:: DATA IN THIS EXERCISE
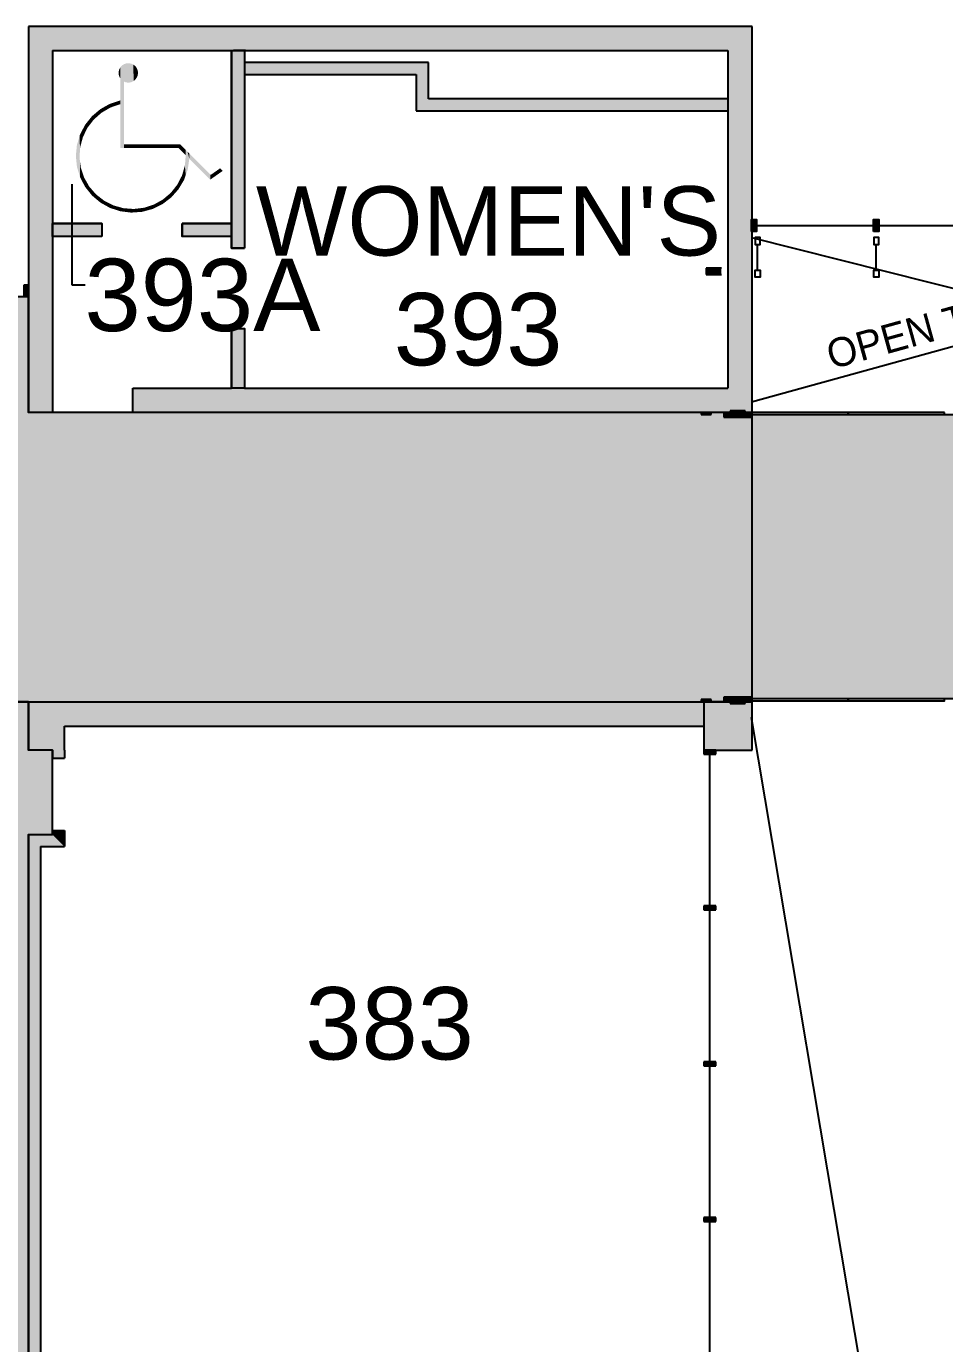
# Model space of a CAD drawing. Extents: x 2 to 4630, y -56 to 2885.
# Drawn here: x 3025 to 3482, y 2229 to 2885 of the extents above; entities that cross this region are included whole.
import ezdxf
from ezdxf.enums import TextEntityAlignment as Align

# ---------------------------------------------------------------- set-up
doc = ezdxf.new("R2010")
doc.units = 0
doc.header["$LTSCALE"] = 0.004
doc.layers.get('0').update_dxf_attribs({"linetype": 'CONTINUOUS'})
for name, color, linetype in [('CORRIDOR_HATCH', 253, 'CONTINUOUS'), ('SOLID', 7, 'CONTINUOUS'), ('STAIR', 251, 'CONTINUOUS'), ('TEXT', 7, 'CONTINUOUS'), ('WALL', 7, 'CONTINUOUS'), ('WALLS', 7, 'CONTINUOUS')]:
    doc.layers.add(name, color=color, linetype=linetype)
doc.styles.add('STYLE1', font='arial.ttf')

# ---------------------------------------------------------------- blocks, each defined once
blk = doc.blocks.new('AZMND')
for p, q in [((0, 0.5), (0, -0.5)), ((1, 0.5), (0, 0.5)), ((1, -0.5), (1, 0.5)), ((0, -0.5), (1, -0.5))]:
    blk.add_line(p, q)
blk = doc.blocks.new('*U99')
at = {"layer": 'SOLID'}
for points in [[(3071.07, 2859.45), (3071, 2863.07), (3071.07, 2863.22)], [(3071.41, 2858.82), (3071.07, 2863.22), (3071.41, 2863.9)], [(3071.07, 2859.45), (3071.07, 2863.22), (3071.41, 2858.82)], [(3071.52, 2858.64), (3071.41, 2863.9), (3071.52, 2864.04)], [(3071.41, 2858.82), (3071.41, 2863.9), (3071.52, 2858.64)], [(3071.53, 2824.04), (3071.52, 2864.04), (3071.53, 2864.06)], [(3071.52, 2824.04), (3071.52, 2864.04), (3071.53, 2824.04)], [(3071.98, 2824.04), (3071.53, 2864.06), (3071.98, 2864.64)], [(3071.53, 2824.04), (3071.53, 2864.06), (3071.98, 2824.04)], [(3072.67, 2824.04), (3071.98, 2864.64), (3072.67, 2865.25)], [(3071.98, 2824.04), (3071.98, 2864.64), (3072.67, 2824.04)], [(3073.08, 2824.04), (3072.67, 2865.25), (3073.08, 2865.49)], [(3072.67, 2824.04), (3072.67, 2865.25), (3073.08, 2824.04)], [(3073.32, 2824.04), (3073.08, 2865.49), (3073.32, 2865.63)], [(3073.08, 2824.04), (3073.08, 2865.49), (3073.32, 2824.04)], [(3073.47, 2856.99), (3073.32, 2865.63), (3073.47, 2865.72)], [(3073.32, 2857.05), (3073.32, 2865.63), (3073.47, 2856.99)], [(3074.18, 2856.71), (3073.47, 2865.72), (3074.18, 2865.97)], [(3073.47, 2856.99), (3073.47, 2865.72), (3074.18, 2856.71)], [(3074.35, 2856.68), (3074.18, 2865.97), (3074.35, 2866.03)], [(3074.18, 2856.71), (3074.18, 2865.97), (3074.35, 2856.68)], [(3075.09, 2856.54), (3074.35, 2866.03), (3075.09, 2866.14)], [(3074.35, 2856.68), (3074.35, 2866.03), (3075.09, 2856.54)], [(3075.27, 2856.55), (3075.09, 2866.14), (3075.27, 2866.16)], [(3075.09, 2856.54), (3075.09, 2866.14), (3075.27, 2856.55)], [(3075.27, 2856.55), (3075.27, 2866.16), (3076.02, 2856.55)], [(3076.02, 2856.55), (3075.27, 2866.16), (3076.02, 2866.13)], [(3076.02, 2856.55), (3076.02, 2866.13), (3076.19, 2856.59)], [(3076.19, 2856.59), (3076.02, 2866.13), (3076.19, 2866.12)], [(3076.19, 2856.59), (3076.19, 2866.12), (3076.93, 2856.74)], [(3076.93, 2856.74), (3076.19, 2866.12), (3076.93, 2865.94)], [(3076.93, 2856.74), (3076.93, 2865.94), (3076.94, 2856.75)], [(3076.94, 2856.75), (3076.93, 2865.94), (3076.94, 2865.94)], [(3076.94, 2856.75), (3076.94, 2865.94), (3077.09, 2856.81)], [(3077.09, 2856.81), (3076.94, 2865.94), (3077.09, 2865.9)], [(3077.09, 2856.81), (3077.09, 2865.9), (3077.78, 2857.1)], [(3077.78, 2857.1), (3077.09, 2865.9), (3077.78, 2865.58)], [(3077.78, 2857.1), (3077.78, 2865.58), (3077.94, 2857.2)], [(3077.94, 2857.2), (3077.78, 2865.58), (3077.94, 2865.51)], [(3077.94, 2857.2), (3077.94, 2865.51), (3078.21, 2857.39)], [(3078.21, 2857.39), (3077.94, 2865.51), (3078.21, 2865.31)], [(3078.21, 2857.39), (3078.21, 2865.31), (3078.55, 2857.62)], [(3078.55, 2857.62), (3078.21, 2865.31), (3078.55, 2865.06)], [(3078.55, 2857.62), (3078.55, 2865.06), (3078.69, 2857.75)], [(3078.69, 2857.75), (3078.55, 2865.06), (3078.69, 2864.97)], [(3078.69, 2857.75), (3078.69, 2864.97), (3079.21, 2858.27)], [(3079.21, 2858.27), (3078.69, 2864.97), (3079.21, 2864.41)], [(3079.21, 2858.27), (3079.21, 2864.41), (3079.32, 2858.43)], [(3079.32, 2858.43), (3079.21, 2864.41), (3079.32, 2864.29)], [(3079.32, 2858.43), (3079.32, 2864.29), (3079.73, 2859.04)], [(3079.73, 2859.04), (3079.32, 2864.29), (3079.73, 2863.63)], [(3079.73, 2859.04), (3079.73, 2863.63), (3079.81, 2859.23)], [(3079.81, 2859.23), (3079.73, 2863.63), (3079.81, 2863.5)], [(3079.81, 2859.23), (3079.81, 2863.5), (3080.1, 2859.89)], [(3080.1, 2859.89), (3079.81, 2863.5), (3080.1, 2862.77)], [(3070.75, 2860.64), (3070.68, 2861.25), (3070.75, 2862.18)], [(3070.79, 2860.33), (3070.75, 2862.18), (3070.79, 2862.31)], [(3070.75, 2860.64), (3070.75, 2862.18), (3070.79, 2860.33)], [(3071, 2859.67), (3070.79, 2862.31), (3071, 2863.07)], [(3070.79, 2860.33), (3070.79, 2862.31), (3071, 2859.67)], [(3071, 2859.67), (3071, 2863.07), (3071.07, 2859.45)], [(3080.1, 2859.89), (3080.1, 2862.77), (3080.15, 2860.12)], [(3080.15, 2860.12), (3080.1, 2862.77), (3080.15, 2862.64)], [(3080.15, 2860.12), (3080.15, 2862.64), (3080.29, 2860.8)], [(3080.29, 2860.8), (3080.15, 2862.64), (3080.29, 2861.82)], [(3080.29, 2860.8), (3080.29, 2861.82), (3080.31, 2861.72)], [(3062.19, 2841.54), (3061.6, 2843.32), (3062.19, 2843.65)], [(3063.51, 2842.31), (3062.19, 2843.65), (3063.51, 2844.39)], [(3062.19, 2841.54), (3062.19, 2843.65), (3063.51, 2842.31)], [(3066.34, 2843.95), (3063.51, 2844.39), (3066.34, 2845.97)], [(3063.51, 2842.31), (3063.51, 2844.39), (3066.34, 2843.95)], [(3066.34, 2843.95), (3066.34, 2845.97), (3066.36, 2843.96)], [(3066.36, 2843.96), (3066.34, 2845.97), (3066.36, 2845.97)], [(3066.64, 2844.13), (3066.36, 2845.97), (3066.64, 2846.07)], [(3066.36, 2843.96), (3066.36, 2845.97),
::::
• ABOUT THIS TASK: Nothing but an exact copy is asked for: the lines from the start of the records through the line with "doc.layers.add(name, color=color, linetype=linetype)", both ends included, minus any pictures.

• WRITTEN REPLY:
# Model space of a CAD drawing. Extents: x 2 to 4630, y -56 to 2885.
# Drawn here: x 3025 to 3482, y 2229 to 2885 of the extents above; entities that cross this region are included whole.
import ezdxf
from ezdxf.enums import TextEntityAlignment as Align

# ---------------------------------------------------------------- set-up
doc = ezdxf.new("R2010")
doc.units = 0
doc.header["$LTSCALE"] = 0.004
doc.layers.get('0').update_dxf_attribs({"linetype": 'CONTINUOUS'})
for name, color, linetype in [('CORRIDOR_HATCH', 253, 'CONTINUOUS'), ('SOLID', 7, 'CONTINUOUS'), ('STAIR', 251, 'CONTINUOUS'), ('TEXT', 7, 'CONTINUOUS'), ('WALL', 7, 'CONTINUOUS'), ('WALLS', 7, 'CONTINUOUS')]:
    doc.layers.add(name, color=color, linetype=linetype)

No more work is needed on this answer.